• [Data extracts]:
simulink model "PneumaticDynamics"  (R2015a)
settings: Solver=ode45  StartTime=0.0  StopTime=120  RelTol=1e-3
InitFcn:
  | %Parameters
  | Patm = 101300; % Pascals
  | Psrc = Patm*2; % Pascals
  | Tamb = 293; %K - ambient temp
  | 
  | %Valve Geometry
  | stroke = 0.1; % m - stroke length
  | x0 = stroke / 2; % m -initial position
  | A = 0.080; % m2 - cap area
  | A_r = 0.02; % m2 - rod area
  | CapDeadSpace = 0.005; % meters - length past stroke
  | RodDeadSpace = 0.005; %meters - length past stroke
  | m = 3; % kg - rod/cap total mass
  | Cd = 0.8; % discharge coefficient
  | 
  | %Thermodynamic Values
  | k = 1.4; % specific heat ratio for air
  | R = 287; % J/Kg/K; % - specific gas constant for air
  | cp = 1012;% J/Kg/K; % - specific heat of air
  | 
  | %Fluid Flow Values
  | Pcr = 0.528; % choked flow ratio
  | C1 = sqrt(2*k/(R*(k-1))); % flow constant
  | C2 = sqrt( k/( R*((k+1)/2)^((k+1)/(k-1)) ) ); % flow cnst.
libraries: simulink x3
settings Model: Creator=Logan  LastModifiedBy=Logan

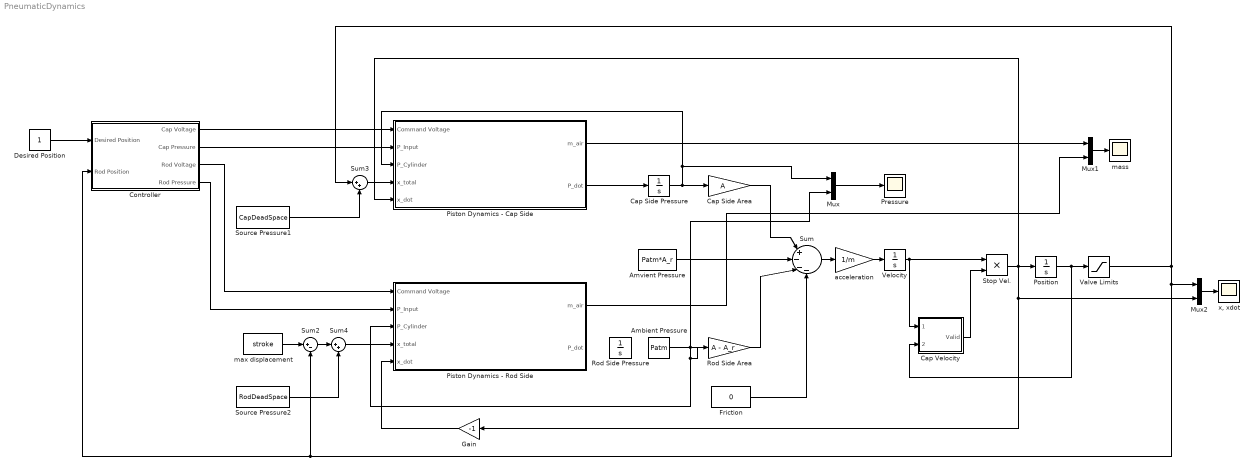
== system PneumaticDynamics ==
  Ambient Pressure : Constant  Value=Patm
  Amvient Pressure : Constant  Value=Patm*A_r
  Cap Side Area : Gain  Gain=A
  Cap Side Pressure : Integrator  InitialCondition=Patm  LimitOutput=on  LowerSaturationLimit=0
  Cap Velocity : Subsystem
  Controller : Subsystem
  Desired Position : Constant
  Friction : Constant  Value=0
  Gain : Gain  Gain=-1
  Mux : Mux  Inputs=2
  Mux1 : Mux  Inputs=2
  Mux2 : Mux  Inputs=2
  Piston Dynamics - Cap Side : Subsystem
  Piston Dynamics - Rod Side : Subsystem
  Position : Integrator  InitialCondition=x0
  Pressure : Scope
      settings: YMin=90000  YMax=155000
  Rod Side Area : Gain  Gain=A - A_r
  Rod Side Pressure : Integrator  InitialCondition=Patm  LimitOutput=on  LowerSaturationLimit=0
  Source Pressure1 : Constant  Value=CapDeadSpace
  Source Pressure2 : Constant  Value=RodDeadSpace
  Stop Vel. : Product
  Sum : Sum  Inputs=|+---
  Sum2 : Sum  Inputs=|+-
  Sum3 : Sum  Inputs=|++
  Sum4 : Sum  Inputs=|++
  Valve Limits : Saturate  UpperLimit=stroke  LowerLimit=0
  Velocity : Integrator
  acceleration : Gain  Gain=1/m
  mass : Scope
      settings: YMin=0.000275  YMax=0.000825
  max displacement : Constant  Value=stroke
  "x, xdot" : Scope
      settings: YMin=-0.0025  YMax=0.0525  SaveName=ScopeData2
  wires:
  Piston Dynamics - Cap Side/2(P_dot) -> Cap Side Pressure/1
  Cap Side Pressure/1 -> Mux/1, Piston Dynamics - Cap Side/3(P_Cylinder), Cap Side Area/1
  Ambient Pressure/1 -> Mux/2, Rod Side Area/1, Piston Dynamics - Rod Side/3(P_Cylinder)
  Cap Side Area/1 -> Sum/1
  Amvient Pressure/1 -> Sum/2
  Rod Side Area/1 -> Sum/3
  Friction/1 -> Sum/4
  Sum/1 -> acceleration/1
  acceleration/1 -> Velocity/1
  Position/1 -> Cap Velocity/2(Position), Valve Limits/1
  max displacement/1 -> Sum2/1
  Source Pressure1/1 -> Sum3/2
  Sum2/1 -> Sum4/1
  Sum4/1 -> Piston Dynamics - Rod Side/4(x_total)
  Source Pressure2/1 -> Sum4/2
  Sum3/1 -> Piston Dynamics - Cap Side/4(x_total)
  Valve Limits/1 -> Sum3/1, Controller/2(Rod Position), Sum2/2, Mux2/1
  Mux/1 -> Pressure/1
  Mux1/1 -> mass/1
  Piston Dynamics - Cap Side/1(m_air) -> Mux1/1
  Piston Dynamics - Rod Side/1(m_air) -> Mux1/2
  Mux2/1 -> "x, xdot"/1
  Stop Vel./1 -> Mux2/2, Gain/1, Position/1, Piston Dynamics - Cap Side/5(x_dot)
  Cap Velocity/1(Valid) -> Stop Vel./2
  Velocity/1 -> Stop Vel./1, Cap Velocity/1(Velocity)
  Desired Position/1 -> Controller/1(Desired Position)
  Controller/1(Cap Voltage) -> Piston Dynamics - Cap Side/1(Command Voltage)
  Controller/2(Cap Pressure) -> Piston Dynamics - Cap Side/2(P_Input)
  Controller/3(Rod Voltage) -> Piston Dynamics - Rod Side/1(Command Voltage)
  Controller/4(Rod Pressure) -> Piston Dynamics - Rod Side/2(P_Input)
  Gain/1 -> Piston Dynamics - Rod Side/5(x_dot)

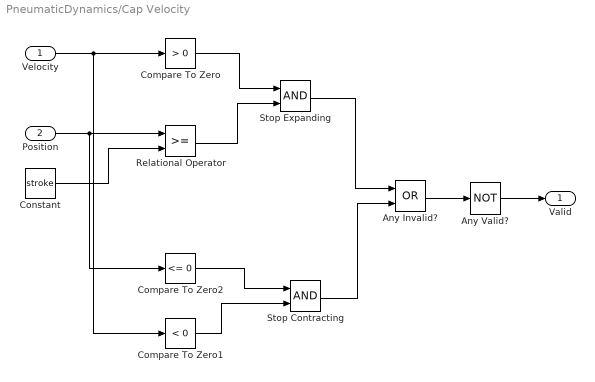
== system PneumaticDynamics/Cap Velocity ==
  Velocity : Inport
  Position : Inport  Port=2
  Any Invalid? : Logic  Operator=OR  AllPortsSameDT=off  OutDataTypeStr=boolean
  Any Valid? : Logic  Operator=NOT  AllPortsSameDT=off  OutDataTypeStr=boolean
  Compare To Zero : simulink/Logic and Bit Operations/Compare To Zero  relop=>  OutDataTypeStr=boolean
  Compare To Zero1 : simulink/Logic and Bit Operations/Compare To Zero  relop=<  OutDataTypeStr=boolean
  Compare To Zero2 : simulink/Logic and Bit Operations/Compare To Zero  relop=<=  OutDataTypeStr=boolean
  Constant : Constant  Value=stroke
  Relational Operator : RelationalOperator  OutDataTypeStr=boolean
  Stop Expanding : Logic  AllPortsSameDT=off  OutDataTypeStr=boolean
  Stop Contracting : Logic  AllPortsSameDT=off  OutDataTypeStr=boolean
  Valid : Outport
  wires:
  Position/1 -> Compare To Zero2/1, Relational Operator/1
  Constant/1 -> Relational Operator/2
  Velocity/1 -> Compare To Zero1/1, Compare To Zero/1
  Compare To Zero/1 -> Stop Expanding/1
  Relational Operator/1 -> Stop Expanding/2
  Compare To Zero2/1 -> Stop Contracting/1
  Compare To Zero1/1 -> Stop Contracting/2
  Stop Expanding/1 -> Any Invalid?/1
  Stop Contracting/1 -> Any Invalid?/2
  Any Invalid?/1 -> Any Valid?/1
  Any Valid?/1 -> Valid/1

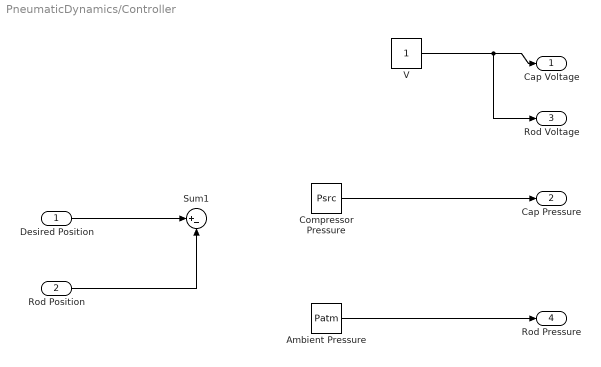
== system PneumaticDynamics/Controller ==
  Desired Position : Inport
  Rod Position : Inport  Port=2
  Ambient Pressure : Constant  Value=Patm
  Compressor Pressure : Constant  Value=Psrc
  Sum1 : Sum  Inputs=|+-
  V : Constant
  Cap Voltage : Outport
  Cap Pressure : Outport  Port=2
  Rod Voltage : Outport  Port=3
  Rod Pressure : Outport  Port=4
  wires:
  Rod Position/1 -> Sum1/2
  Desired Position/1 -> Sum1/1
  Compressor Pressure/1 -> Cap Pressure/1
  V/1 -> Rod Voltage/1, Cap Voltage/1
  Ambient Pressure/1 -> Rod Pressure/1

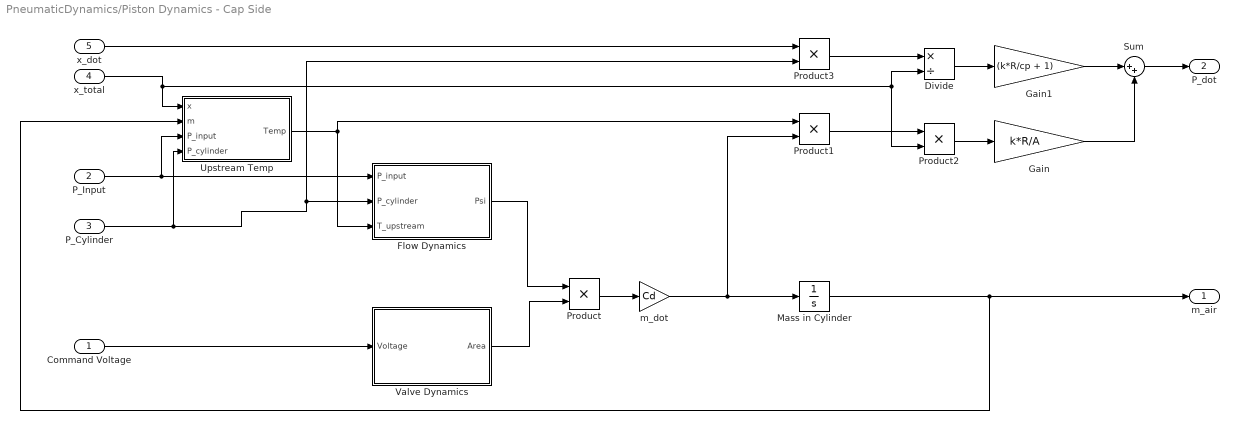
== system PneumaticDynamics/Piston Dynamics - Cap Side ==
  Command Voltage : Inport
  P_Input : Inport  Port=2
  P_Cylinder : Inport  Port=3
  x_total : Inport  Port=4
  x_dot : Inport  Port=5
  Divide : Product  Inputs=*/
  Flow Dynamics : Subsystem
  Gain : Gain  Gain=k*R/A
  Gain1 : Gain  Gain=(k*R/cp + 1)
  Mass in Cylinder : Integrator  InitialCondition=Patm*(x0*A)/R/Tamb
  Product{,1..3} (4 alike) : Product
  Sum : Sum  Inputs=|++
  Upstream Temp : Subsystem
  Valve Dynamics : Subsystem
  m_dot : Gain  Gain=Cd
  m_air : Outport
  P_dot : Outport  Port=2
  wires:
  Product1/1 -> Product2/1
  Product2/1 -> Gain/1
  m_dot/1 -> Mass in Cylinder/1, Product1/2
  Mass in Cylinder/1 -> m_air/1, Upstream Temp/2(m)
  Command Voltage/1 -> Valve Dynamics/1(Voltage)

• [The problem]:
Above this instruction are the records; retype exactly the lines from the one containing "P_Input : Inport" up to and including the one containing "Upstream Temp : Subsystem".

• [Expected answer]:
  P_Input : Inport  Port=2
  P_Cylinder : Inport  Port=3
  x_total : Inport  Port=4
  x_dot : Inport  Port=5
  Divide : Product  Inputs=*/
  Flow Dynamics : Subsystem
  Gain : Gain  Gain=k*R/A
  Gain1 : Gain  Gain=(k*R/cp + 1)
  Mass in Cylinder : Integrator  InitialCondition=Patm*(x0*A)/R/Tamb
  Product{,1..3} (4 alike) : Product
  Sum : Sum  Inputs=|++
  Upstream Temp : Subsystem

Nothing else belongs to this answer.